Tomorrow it's the Louvre and its environs. That and preparing my paper, as well as my class for Thursday.
Bibliotheque nationale de France |
After getting into my room at the hotel, I headed out for the Latin Quarter. But, as so often happens in Paris, the city just took me and I followed. I drifted off to see the Mosquee de Paris, lured by the prospect of their tea room, which the guide book recommended as a place to have a baclava and mint tea. But the tea room turned out to be a full-blown restaurant, with prices to match, so instead I followed a sign for the Pantheon. Upon reaching it, I decided to go into the smaller Eglise Saint-Etienne Du Mont, first. I was touched by one of the chapels right back in the ... what's the term... clerestory? The walkway around the back of the alter. The tomb of Pascal was next to one piller, with the tomb of Racine next to its partner on the other side. Pascal and Racine... if eternity consists of eternally breaking up into small groups, I'd say they were both fortunate.
Pantheon |
Looking at the statues surrounding the central area, I was struck by the gender divisions. While the main actors in dramas like the French Revolution were men, their muses were largely female. Typical, I suppose, but still: after all these years of hearing aggression attributed to testosterone, it pulled me up short to see the battle being led by Muse-type women with startling measurements and drapery that's always falling down. It put me in mind of Katherine Hepburn's line as Eleanor of Aquitaine in The Lion in Winter, remembering how she rode bare-breasted on Crusade: "Louis had a seizure and I damned near dies of windburn, but the troops were dazzled."

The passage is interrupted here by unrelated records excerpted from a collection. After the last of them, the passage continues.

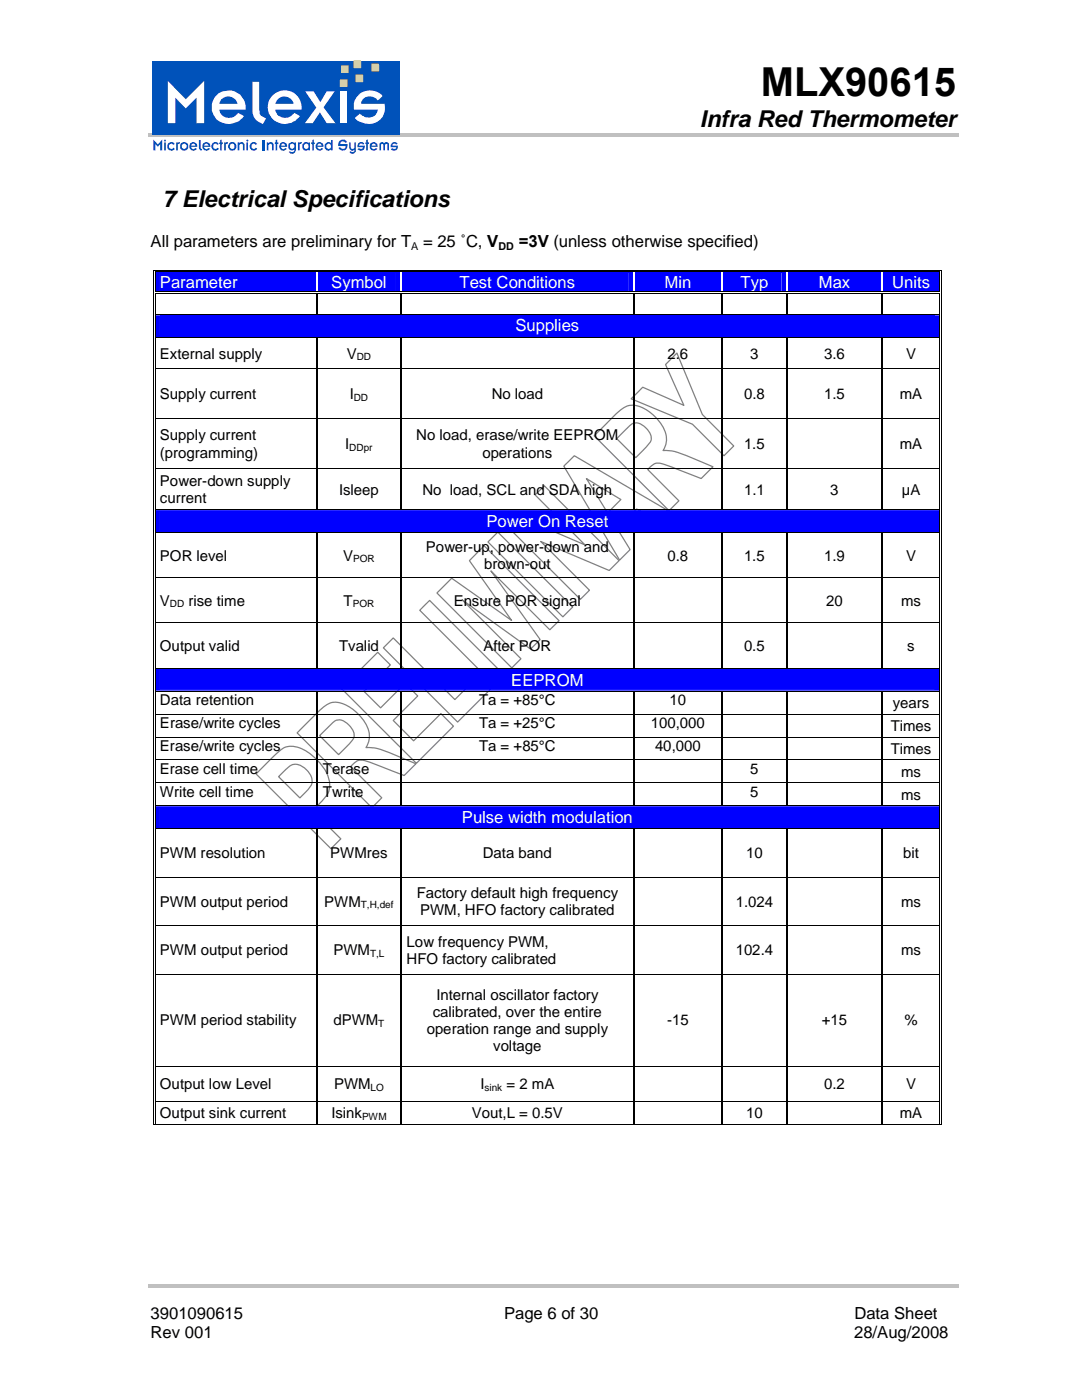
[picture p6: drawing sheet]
<svg xmlns="http://www.w3.org/2000/svg" width="216mm" height="279mm" viewBox="0 0 216 279" stroke-linecap="round" stroke-linejoin="round" font-family="sans-serif">
<g fill="none" stroke="#808080" stroke-width=".25">
<path d="M125.9 79.6l2.3-2.3 8.3 3.6-3.7-8.2 2.3-2.2 5 12.2 6.3 6.3-1.9 2-6.3-6.3zM106.8 98.8l1.8-1.9 14.9 15-1.9 2-13.7-5.8 9.7 9.7-1.8 1.8-14.9-14.9 1.9-1.9 13.9 6zM112.5 93l2.1-2 18.8 11-2.1 2.1-4.3-2.5-3.9 3.9 2.6 4.2-2.1 2.1zM117 95.5l6.9 4.2-2.7 2.7zM118.6 87l2.6-2.6a12.9 12.9 0 0 1 4.2-3.4 6.6 6.6 0 0 1 5.8 2.7 5 5 0 0 1 1.1 6.2 13.3 13.3 0 0 1 6.4 1.8l3.6 1.5-2.4 2.3-5.4-2.1a7.4 7.4 0 0 0-3.7-.9l-.8 .5-.8 .7 6.3 6.2-2 2zM124.6 86l.4-.4a2.18 2.18 0 0 1 2.7-1 3.4 3.4 0 0 1 2.2 3.3l-.7 1-2.3 2.4-3.8-3.8zM87.2 118.3l2.9-2.9 12 8.4-8.4-11.9 2.9-3 14.9 15-1.8 1.8-11.7-11.8 9.8 13.7-.4 .4-1.5 1.5-13.7-9.8 11.7 11.8-1.8 1.8zM97.4 108.2l1.9-2 15 14.9-2 2zM70.3 135.2l5.1-5 2.5 2.5-5.3 5.3 3.3 3.3 4.9-4.9 2.6 2.5-4.9 4.9 4 4 5.5-5.4 2.5 2.5-7.4 7.4-15-14.9zM76.5 129.3l2-2 12.3 12.3 4.9-4.9 2.5 2.5-6.9 6.9zM84.4 121.1l1.3-1.3 14.9 15-1.9 1.9-14.9-14.9zM54.3 151.3a6 6 0 0 1 3.4-2.3 7.6 7.6 0 0 1 5.9 3 6 6 0 0 1 1.9 6.2l-1.1 1.4-2 2.2 5.6 5.6-2 2-14.9-14.9z"/>
<path d="M55.8 154.8l.5-.5a4.1 4.1 0 0 1 2.8-1.8 3.8 3.8 0 0 1 3.1 3.9 9.8 9.8 0 0 1-2.4 2.8l-4.2-4.2zM61.9 143.7a13.5 13.5 0 0 1 4.2-3.5 6.7 6.7 0 0 1 5.8 2.8 5 5 0 0 1 1.1 6.2 11.3 11.3 0 0 1 5.9 1.5l4.1 1.7-2.4 2.4-5.4-2.2a7 7 0 0 0-3.7-.8l-.5 .2-1 1 6.2 6.2-2 2-14.9-14.9zM63.8 146.8l1.2-1.2a5.5 5.5 0 0 1 2.4-1.9 3.6 3.6 0 0 1 3.3 3.2 7.8 7.8 0 0 1-2.6 3.1l-.5 .6z"/>
</g>
<g fill="#c0c0c0">
<path d="M29.5 26.6h161.8v.7h-161.8z"/>
<path d="M29.5 256.3h161.8v.7h-161.8z"/>
</g>
<g fill="#fff">
<path d="M34 16.3l3.5 3.7 3.6-3.7v8.2h-1.5v-4.9l-2.1 2.1-2-2.1v4.9h-1.5z" fill-rule="evenodd"/>
<path d="M43.4 19.2a3.3 3.3 0 0 1 3.9-.7 3.3 3.3 0 0 1 1.9 3.4h-5.2a2.05 2.05 0 0 0 1.6 1.6 2.05 2.05 0 0 0 2.2-.9l1.1 .6a3.5 3.5 0 0 1-6.1-.6 3.1 3.1 0 0 1 .6-3.4zM44.6 19.7l-.6 1.1h3.7a1.91 1.91 0 0 0-3.1-1.1z" fill-rule="evenodd"/>
<path d="M50.5 16.5h1.4v5.6a1.51 1.51 0 0 0 1.3 1.5l-.6 1.2-.5-.3a2.44 2.44 0 0 1-1.6-2.2z" fill-rule="evenodd"/>
<path d="M54.2 19.4a3.4 3.4 0 0 1 3.9-1 3.4 3.4 0 0 1 2.1 3.5h-5.2a2.05 2.05 0 0 0 1.6 1.6 2.05 2.05 0 0 0 2.1-.9l1.2 .6a3.6 3.6 0 0 1-6.2-.5 3.3 3.3 0 0 1 .5-3.3zM55.7 19.7l-.5 .5-.2 .6h3.6a1.91 1.91 0 0 0-2.9-1.1z" fill-rule="evenodd"/>
<path d="M60.8 18.3h1.7l1.3 2.1 1.3-2.1h1.5l-2.1 3.1 2.2 3.1h-1.7l-1.2-2.1-1.5 2.1h-1.5l2.2-3z" fill-rule="evenodd"/>
<path d="M71.2 19.1a3.5 3.5 0 0 1 4.8 .2l-.9 .8a1.93 1.93 0 0 0-3.2 .1l-.2 .6h4.6a3.2 3.2 0 0 1-1.1 3.4 3.2 3.2 0 0 1-3.6 .1l-1.1-.7 1.1-.9a2.01 2.01 0 0 0 3.4-.4v-.3h-4.6a3.1 3.1 0 0 1 .8-2.9z" fill-rule="evenodd"/>
</g>
<path d="M67.7 18.3h1.4v6.2h-1.4z" fill="#fff"/>
<path d="M30.4 12.2h49.3v14.7h-49.3z" fill="#0052ba"/>
<g fill="#fff">
<path d="M33.5 16.2l3.6 3.6 3.6-3.6v8.4h-1.5v-5.1l-2.1 2.2-2.1-2.2v5.1h-1.5z" fill-rule="evenodd"/>
<path d="M43.2 19a3.4 3.4 0 0 1 3.9-.6 3.4 3.4 0 0 1 1.9 3.5h-5.2a2.01 2.01 0 0 0 1.6 1.6 2.01 2.01 0 0 0 2.1-1l1.2 .7a3.6 3.6 0 0 1-6-.1 3.3 3.3 0 0 1 .5-4.1zM44.2 19.8l-.4 .9h3.6a1.97 1.97 0 0 0-3.2-.9z" fill-rule="evenodd"/>
<path d="M50.4 16.3h1.3l.1 6.4 .2 .4 1.1 .5-.6 1.2-.5-.3a2.48 2.48 0 0 1-1.6-2.2z" fill-rule="evenodd"/>
<path d="M54.1 19.4a3.4 3.4 0 0 1 4-1.1 3.4 3.4 0 0 1 2.1 3.6h-5.3a2.07 2.07 0 0 0 1.7 1.6 2.07 2.07 0 0 0 2.1-1l1.2 .7a3.5 3.5 0 0 1-4.2 1.3 3.5 3.5 0 0 1-2.2-3.7l.1-.7zM55.4 19.8l-.5 .9h3.7a1.89 1.89 0 0 0-3.2-.9z" fill-rule="evenodd"/>
<path d="M60.9 18.2h1.7l1.3 2.2 1.3-2.2h1.6l-2.2 3.2 2.4 3.2h-1.8l-1.4-2.2-1.4 2.2h-1.6l2.3-3.1z" fill-rule="evenodd"/>
<path d="M71.9 18.6a3.4 3.4 0 0 1 4.4 .6l-.9 .9a1.95 1.95 0 0 0-3.3 .3v.3h4.7a3.3 3.3 0 0 1-1.3 3.5 3.3 3.3 0 0 1-3.6 .1l-.7-.3-.4-.4 1-.9a2.14 2.14 0 0 0 3.3-.1l.3-.7h-4.7a2.96 2.96 0 0 1 1.2-3.3z" fill-rule="evenodd"/>
</g>
<path d="M67.9 18.2h1.4v6.4h-1.4z" fill="#fff"/>
<path d="M67.9 15.9h1.4v1.4h-1.4z" fill="#fad716"/>
<path d="M67.9 15.9h1.4v1.4h-1.4z" fill="none" stroke="#fad716" stroke-width=".2"/>
<path d="M68.1 13.1h1.4v1.4h-1.4z" fill="#fad716"/>
<path d="M68.1 13.1h1.4v1.4h-1.4z" fill="none" stroke="#fad716" stroke-width=".2"/>
<path d="M71 15h1.4v1.3h-1.4z" fill="#fad716"/>
<path d="M71 15h1.4v1.3h-1.4z" fill="none" stroke="#fad716" stroke-width=".2"/>
<path d="M74.2 12.8h1.3v1.4h-1.3z" fill="#fad716"/>
<path d="M74.2 12.8h1.3v1.4h-1.3z" fill="none" stroke="#fad716" stroke-width=".2"/>
<path d="M70.6 12.2h1.4v1.3h-1.4z" fill="#fad716"/>
<path d="M70.6 12.2h1.4v1.3h-1.4z" fill="none" stroke="#fad716" stroke-width=".2"/>
<g fill="#0052ba">
<path d="M30.6 27.9l.9 .9 .9-.9v2.1h-.4v-1.3l-.5 .6-.5-.6v1.3h-.4z" fill-rule="evenodd"/>
<path d="M32.8 28.4h.3v1.6h-.3zM32.9 27.9h.2l-.1 .4-.2-.1z" fill-rule="evenodd"/>
<path d="M33.6 28.6a.76 .76 0 0 1 1.2 .1l-.4 .1a.4 .4 0 0 0-.4-.1 .4 .4 0 0 0-.3 .3v.4a.46 .46 0 0 0 .4 .4 .46 .46 0 0 0 .5-.3l.2 .2-.1 .2a.82 .82 0 0 1-1.3-.4v-.6z" fill-rule="evenodd"/>
<path d="M35.2 28.4h.3v.2l.1-.3h.3l-.1 .4h-.1l-.2 .1v1.2h-.3z" fill-rule="evenodd"/>
<path d="M35.9 29.2a.86 .86 0 0 1 1.7 0 .86 .86 0 0 1-1.7 0zM36.3 28.9v.5l.1 .2a.55 .55 0 0 0 .8-.2l-.1-.5a.46 .46 0 0 0-.8 0z" fill-rule="evenodd"/>
<path d="M38 28.6a.83 .83 0 0 1 .9-.1 .83 .83 0 0 1 .5 .8h-1.3a.51 .51 0 0 0 .4 .4 .51 .51 0 0 0 .5-.2l.3 .2a.86 .86 0 0 1-1.3 .2 .86 .86 0 0 1 0-1.3zM38.3 28.7l-.2 .4h.9a.45 .45 0 0 0-.7-.4z" fill-rule="evenodd"/>
<path d="M39.7 27.9h.3v1.7l.3 .2-.1 .3-.5-.5z" fill-rule="evenodd"/>
<path d="M40.6 28.6a.88 .88 0 0 1 .9-.1 .88 .88 0 0 1 .5 .8h-1.3a.48 .48 0 0 0 .4 .5 .48 .48 0 0 0 .5-.3l.3 .2-.2 .2a.84 .84 0 0 1-1.3-.4v-.6zM40.9 28.7l-.2 .4h.9a.45 .45 0 0 0-.7-.4z" fill-rule="evenodd"/>
<path d="M42.4 28.6l.1-.1a.88 .88 0 0 1 1.2 .2l-.3 .2a.49 .49 0 0 0-.8 0 .49 .49 0 0 0 .1 .7 .42 .42 0 0 0 .7-.1l.3 .2a.86 .86 0 0 1-1.3 .1 .86 .86 0 0 1 0-1.2z" fill-rule="evenodd"/>
<path d="M43.9 27.9h.3v.5h.3v.3h-.3v1.3h-.3v-1.3h-.1v-.3h.1z" fill-rule="evenodd"/>
<path d="M44.7 28.4h.3v.2l.2-.3 .3 .1-.1 .3h-.1l-.3 .1v1.2h-.3z" fill-rule="evenodd"/>
<path d="M45.5 29.2a.85 .85 0 0 1 1.7 0 .85 .85 0 0 1-1.7 0zM45.9 28.9v.2a.45 .45 0 0 0 .3 .6 .45 .45 0 0 0 .6-.3v-.4a.47 .47 0 0 0-.4-.4 .47 .47 0 0 0-.5 .3z" fill-rule="evenodd"/>
<path d="M47.4 28.4l.4 .1a.57 .57 0 0 1 1 .2v1.3h-.3v-1.2a.4 .4 0 0 0-.4-.1 .4 .4 0 0 0-.3 .3v1h-.4z" fill-rule="evenodd"/>
<path d="M49.2 28.4h.3v1.6h-.3zM49.3 27.9h.3l-.2 .4-.2-.2z" fill-rule="evenodd"/>
<path d="M50.1 28.6l.4-.3h.3l.5 .4-.3 .2a.5 .5 0 0 0-.7 0 .5 .5 0 0 0 0 .7 .5 .5 0 0 0 .7-.1l.3 .2a.86 .86 0 0 1-1.2 .2 .86 .86 0 0 1 0-1.3z" fill-rule="evenodd"/>
</g>
<path d="M52.7 27.9v2.1" fill="none" stroke="#0052ba" stroke-width=".4"/>
<g fill="#0052ba">
<path d="M53.2 28.4l.4 .1a.57 .57 0 0 1 1 .2v1.3h-.3v-1.1a.43 .43 0 0 0-.7 .1v1h-.4z" fill-rule="evenodd"/>
<path d="M55 27.9h.3v.5h.2v.3h-.2v1.3h-.3v-1.3h-.2z" fill-rule="evenodd"/>
<path d="M55.9 28.6a.81 .81 0 0 1 1-.2 .81 .81 0 0 1 .4 .9h-1.2l.1 .3a.47 .47 0 0 0 .8-.1l.2 .2a.86 .86 0 0 1-1.2 .1 .86 .86 0 0 1-.1-1.2zM56.3 28.7l-.2 .4h.8l-.2-.4z" fill-rule="evenodd"/>
<path d="M57.6 28.7a.7 .7 0 0 1 1.1-.1v-.2h.4v1.5a.78 .78 0 0 1-.6 .8 .78 .78 0 0 1-.9-.4l.3-.1 .1 .1h.5l.2-.2v-.3a.69 .69 0 0 1-1.1-.3zM58 28.7l-.1 .3v.5a.43 .43 0 0 0 .5 .2 .43 .43 0 0 0 .3-.3l-.1-.7z" fill-rule="evenodd"/>
<path d="M59.5 28.4h.3v.2l.1-.3 .4 .1-.2 .3h-.1l-.2 .1v1.2h-.3z" fill-rule="evenodd"/>
<path d="M60.4 28.7l.5-.4 .5 .1 .1 .2v-.2h.3v1.6l-.4-.1a.68 .68 0 0 1-1.1-.4zM60.8 28.7l-.2 .3v.4a.49 .49 0 0 0 .8 .1 .49 .49 0 0 0-.1-.8z" fill-rule="evenodd"/>
<path d="M62.3 27.9h.3v.5h.2v.3h-.2v1.3h-.3v-1.3h-.2v-.3h.2z" fill-rule="evenodd"/>
<path d="M63.2 28.6a.81 .81 0 0 1 .9-.1 .81 .81 0 0 1 .5 .8h-1.2l.1 .4 .4 .1 .3-.3 .3 .2-.2 .2a.86 .86 0 0 1-1.2-.1 .86 .86 0 0 1 .1-1.2zM63.4 28.9v.2h.8l-.3-.4h-.3z" fill-rule="evenodd"/>
<path d="M65.1 28.5l.2-.2h.4l.4 .3v-.7h.3v2.1h-.3l-.1-.1-.5 .2-.6-.4-.1-.8zM65.1 29v.4a.47 .47 0 0 0 .7 .2 .47 .47 0 0 0 .2-.6 .47 .47 0 0 0-.7-.2z" fill-rule="evenodd"/>
<path d="M67.7 28.2l.2-.2a.87 .87 0 0 1 1.1 0l.3 .3-.4 .2a.54 .54 0 0 0-.6-.3 .54 .54 0 0 0-.4 .5h1.4a1.01 1.01 0 0 1-.5 1.3 1.01 1.01 0 0 1-1.3-.5l.3-.1 .4 .3h.5l.3-.6h-1.5z" fill-rule="evenodd"/>
<path d="M69.7 28.4h.3v1.1a.43 .43 0 0 0 .7 0v-1.1h.3v1.8l-.4 .4a.69 .69 0 0 1-.9-.3l.3-.1 .1 .1h.4l.2-.4a.56 .56 0 0 1-.6 .2 .56 .56 0 0 1-.4-.5z" fill-rule="evenodd"/>
<path d="M71.5 28.6l.4-.3h.4l.4 .4-.3 .2-.1-.2h-.4l-.3 .4h1.2a.84 .84 0 0 1-.5 .9 .84 .84 0 0 1-1-.2l.3-.2a.5 .5 0 0 0 .8-.2h-1.1z" fill-rule="evenodd"/>
<path d="M73.1 27.9h.3v.5h.2v.3h-.2v1.3h-.3v-1.3h-.2v-.3h.2z" fill-rule="evenodd"/>
<path d="M74 28.6a.88 .88 0 0 1 .9-.1 .88 .88 0 0 1 .5 .8h-1.3a.51 .51 0 0 0 .4 .4 .51 .51 0 0 0 .5-.2l.3 .2-.2 .2a.84 .84 0 0 1-1.3-.4v-.6zM74.3 28.7l-.2 .4h.9a.45 .45 0 0 0-.7-.4z" fill-rule="evenodd"/>
<path d="M75.8 28.6a.47 .47 0 0 1 .5-.3 .47 .47 0 0 1 .4 .4 .49 .49 0 0 1 .5-.4 .49 .49 0 0 1 .4 .4v1.3h-.3v-1.3h-.2l-.3 .2v1.1h-.3v-1.2l-.2-.1-.3 .1v1.2h-.3z" fill-rule="evenodd"/>
<path d="M78.2 28.6a.77 .77 0 0 1 1.1 .1l-.2 .2-.2-.2h-.4l-.2 .4h1.1a.79 .79 0 0 1-.4 .9 .79 .79 0 0 1-1-.2l.3-.3a.43 .43 0 0 0 .4 .3 .43 .43 0 0 0 .4-.4h-1.2v-.4z" fill-rule="evenodd"/>
</g>
<g fill="#00f">
<path d="M31 54.4h32.2v3.8h-32.2z"/>
<path d="M31.9 54.4h30.2v3.8h-30.2z"/>
<path d="M63.4 54.4h16.5v3.8h-16.5z"/>
<path d="M64.4 54.4h14.4v3.8h-14.4z"/>
<path d="M80.1 54.4h46.3v3.8h-46.3z"/>
<path d="M81.1 54.4h44.2v3.8h-44.2z"/>
<path d="M126.6 54.4h17.3v3.8h-17.3z"/>
<path d="M127.7 54.4h15.2v3.8h-15.2z"/>
<path d="M144.1 54.4h12.9v3.8h-12.9z"/>
<path d="M145.2 54.4h10.7v3.8h-10.7z"/>
<path d="M157.2 54.4h18.6v3.8h-18.6z"/>
<path d="M158.3 54.4h16.5v3.8h-16.5z"/>
<path d="M176 54.4h11.4v3.8h-11.4z"/>
<path d="M177.1 54.4h9.4v3.8h-9.4z"/>
</g>
<path d="M30.5 53.9h.2v.5h-.2zM30.5 53.9h.5v.1h-.5zM30.9 54.2h.1v.2h-.1z" fill="#000"/>
<path d="M31 54h32.2M31 54.3h32.2" fill="none" stroke="#000" stroke-width=".2"/>
<path d="M31 54.4h32.2" fill="none" stroke="#00f" stroke-width=".2"/>
<path d="M63.4 54.4h.2z" fill="#00f"/>
<path d="M63.2 54.4h.2z" fill="#fff"/>
<path d="M63.2 53.9h.4v.1h-.4zM63.2 54.2h.4v.2h-.4z" fill="#000"/>
<path d="M63.6 54h16.3M63.6 54.3h16.3" fill="none" stroke="#000" stroke-width=".2"/>
<path d="M63.6 54.4h16.3" fill="none" stroke="#00f" stroke-width=".2"/>
<path d="M80.1 54.4h.2z" fill="#00f"/>
<path d="M79.9 54.4h.2z" fill="#fff"/>
<path d="M79.9 53.9h.4v.1h-.4zM79.9 54.2h.4v.2h-.4z" fill="#000"/>
<path d="M80.3 54h46.1M80.3 54.3h46.1" fill="none" stroke="#000" stroke-width=".2"/>
<path d="M80.3 54.4h46.1" fill="none" stroke="#00f" stroke-width=".2"/>
<path d="M126.6 54.4h.3z" fill="#00f"/>
<path d="M126.4 54.4h.2z" fill="#fff"/>
<path d="M126.4 53.9h.5v.1h-.5zM126.4 54.2h.5v.2h-.5z" fill="#000"/>
<path d="M126.9 54h17M126.9 54.3h17" fill="none" stroke="#000" stroke-width=".2"/>
<path d="M126.9 54.4h17" fill="none" stroke="#00f" stroke-width=".2"/>
<path d="M144.1 54.4h.3z" fill="#00f"/>
<path d="M143.9 54.4h.2z" fill="#fff"/>
<path d="M143.9 53.9h.5v.1h-.5zM143.9 54.2h.5v.2h-.5z" fill="#000"/>
<path d="M144.4 54h12.6M144.4 54.3h12.6" fill="none" stroke="#000" stroke-width=".2"/>
<path d="M144.4 54.4h12.6" fill="none" stroke="#00f" stroke-width=".2"/>
<path d="M157.2 54.4h.2z" fill="#00f"/>
<path d="M157 54.4h.2z" fill="#fff"/>
<path d="M157 53.9h.4v.1h-.4zM157 54.2h.4v.2h-.4z" fill="#000"/>
<path d="M157.4 54h18.4M157.4 54.3h18.4" fill="none" stroke="#000" stroke-width=".2"/>
<path d="M157.4 54.4h18.4" fill="none" stroke="#00f" stroke-width=".2"/>
<path d="M176 54.4h.3z" fill="#00f"/>
<path d="M175.8 54.4h.2z" fill="#fff"/>
<path d="M175.8 53.9h.5v.1h-.5zM175.8 54.2h.5v.2h-.5zM187.4 53.9h.5v.1h-.5zM187.4 54.2h.2v.2h-.2zM187.7 53.9h.2v.5h-.2z" fill="#000"/>
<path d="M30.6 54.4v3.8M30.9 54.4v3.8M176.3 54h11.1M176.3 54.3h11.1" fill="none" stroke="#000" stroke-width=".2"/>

The crypt underneath the Pantheon is a Who's Who of French history. Everyone who's anyone is there: it's like a select party of the best and the brightest. And, like so many elite parties, dull as a long wet weekend. Voltaire, Rousseau, Hugo, Dumas, Brailled, Curie.... they may have been cool when they could say and do things, but the conversation has begun to flag, and they all look the same anyhow: long and rectangular. I was glad to get into the sunshine.
I browsed the bookstores in the French Quarter, feeling very cosmopolitan and educated. After a quick meal I wandered over to Sainte Chappell, and found myself just in time to hear one of their regular evening concerts. An artist I didn't recognize played the Bach Goldberg variations, and she was marvellous. Unlike other versions I've heard, this one was light: like a big balloon floating among those indescribable stained-glass windows. The acoustics aren't crisp, they way they are in some concert halls, but after each variation she paused and let the sound spiral away. She'd sit for a second in silence, and then the hands would go to the keyboard, and she'd assume a whole new persona for each variation: sometimes solemn, sometimes playful, sometimes wistful, sometimes majestic. She did some Chopin for an encore, and it was out of this world.
I emerged from the concert to see a full moon hanging over the city, and walked back to the hotel along the Seine, stopping first to get a crepe (I'm missing the LWB pancake breakfast, so I'm entitled). The river banks were full of action: people were ballroom dancing in one place. It's true what the guidebooks say: the river is an integral part of Parisian life.
Tomorrow it's the Louvre and its environs. That and preparing my paper, as well as my class for Thursday.